- **Supplied material**:
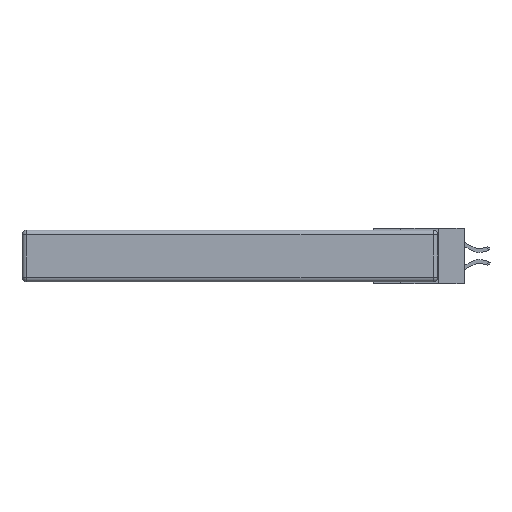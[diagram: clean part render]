
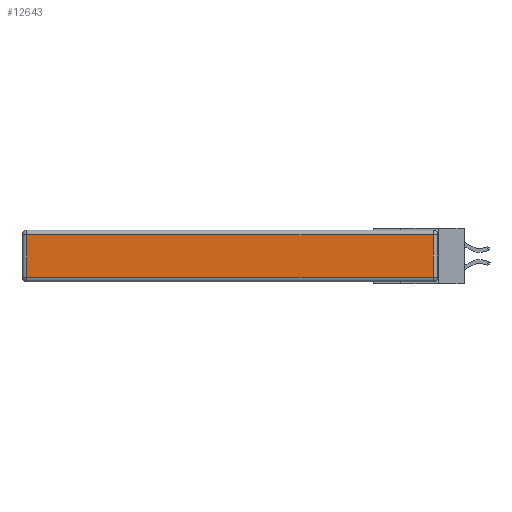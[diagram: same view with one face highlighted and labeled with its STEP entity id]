
A CAD part, left-side view. The second image highlights one B-rep face of the part: STEP entity #12643.
In plain terms, the highlighted planar face has unit normal (-1, 0, 0).
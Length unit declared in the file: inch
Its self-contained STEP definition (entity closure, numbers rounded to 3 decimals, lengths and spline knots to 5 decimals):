
#684 = CARTESIAN_POINT ( 'NONE',  ( 0., 2.72, -0.343 ) ) ;
#1159 = VECTOR ( 'NONE', #8741, 39.37008 ) ;
#1696 = CARTESIAN_POINT ( 'NONE',  ( 0., 0., -0.313 ) ) ;
#1807 = CARTESIAN_POINT ( 'NONE',  ( 0., 2.75, -0.03 ) ) ;
#2645 = ORIENTED_EDGE ( 'NONE', *, *, #13484, .T. ) ;
#2786 = DIRECTION ( 'NONE',  ( 0., 0., -1. ) ) ;
#3207 = CARTESIAN_POINT ( 'NONE',  ( 0., 0.03, -0.343 ) ) ;
#4506 = ORIENTED_EDGE ( 'NONE', *, *, #6585, .T. ) ;
#4867 = DIRECTION ( 'NONE',  ( 0., -1., 0. ) ) ;
#6332 = EDGE_CURVE ( 'NONE', #13808, #13094, #7221, .T. ) ;
#6565 = EDGE_CURVE ( 'NONE', #13094, #7169, #8097, .T. ) ;
#6585 = EDGE_CURVE ( 'NONE', #7169, #8328, #13773, .T. ) ;
#6616 = DIRECTION ( 'NONE',  ( -1., 0., 0. ) ) ;
#6771 = VECTOR ( 'NONE', #4867, 39.37008 ) ;
#7148 = ORIENTED_EDGE ( 'NONE', *, *, #6332, .T. ) ;
#7169 = VERTEX_POINT ( 'NONE', #9755 ) ;
#7221 = LINE ( 'NONE', #3207, #1159 ) ;
#8097 = LINE ( 'NONE', #1807, #10703 ) ;
#8328 = VERTEX_POINT ( 'NONE', #11223 ) ;
#8741 = DIRECTION ( 'NONE',  ( 0., 0., 1. ) ) ;
#9755 = CARTESIAN_POINT ( 'NONE',  ( 0., 2.72, -0.03 ) ) ;
#9903 = CARTESIAN_POINT ( 'NONE',  ( 0., 0., -0.343 ) ) ;
#10002 = DIRECTION ( 'NONE',  ( 0., 0., 1. ) ) ;
#10081 = PLANE ( 'NONE',  #13512 ) ;
#10699 = DIRECTION ( 'NONE',  ( 0., 1., 0. ) ) ;
#10703 = VECTOR ( 'NONE', #10699, 39.37008 ) ;
#11223 = CARTESIAN_POINT ( 'NONE',  ( 0., 2.72, -0.313 ) ) ;
#11753 = VECTOR ( 'NONE', #2786, 39.37008 ) ;
#12005 = LINE ( 'NONE', #1696, #6771 ) ;
#12018 = FACE_OUTER_BOUND ( 'NONE', #13466, .T. ) ;
#12643 = ADVANCED_FACE ( 'NONE', ( #12018 ), #10081, .T. ) ;
#12677 = ORIENTED_EDGE ( 'NONE', *, *, #6565, .T. ) ;
#12812 = CARTESIAN_POINT ( 'NONE',  ( 0., 0.03, -0.03 ) ) ;
#12817 = CARTESIAN_POINT ( 'NONE',  ( 0., 0.03, -0.313 ) ) ;
#13094 = VERTEX_POINT ( 'NONE', #12812 ) ;
#13466 = EDGE_LOOP ( 'NONE', ( #2645, #7148, #12677, #4506 ) ) ;
#13484 = EDGE_CURVE ( 'NONE', #8328, #13808, #12005, .T. ) ;
#13512 = AXIS2_PLACEMENT_3D ( 'NONE', #9903, #6616, #10002 ) ;
#13773 = LINE ( 'NONE', #684, #11753 ) ;
#13808 = VERTEX_POINT ( 'NONE', #12817 ) ;

- **Exercise requirements**: Among the entries above, find every line holding "unit" and copy it.

- **Result of the task**:
In plain terms, the highlighted planar face has unit normal (-1, 0, 0).
Length unit declared in the file: inch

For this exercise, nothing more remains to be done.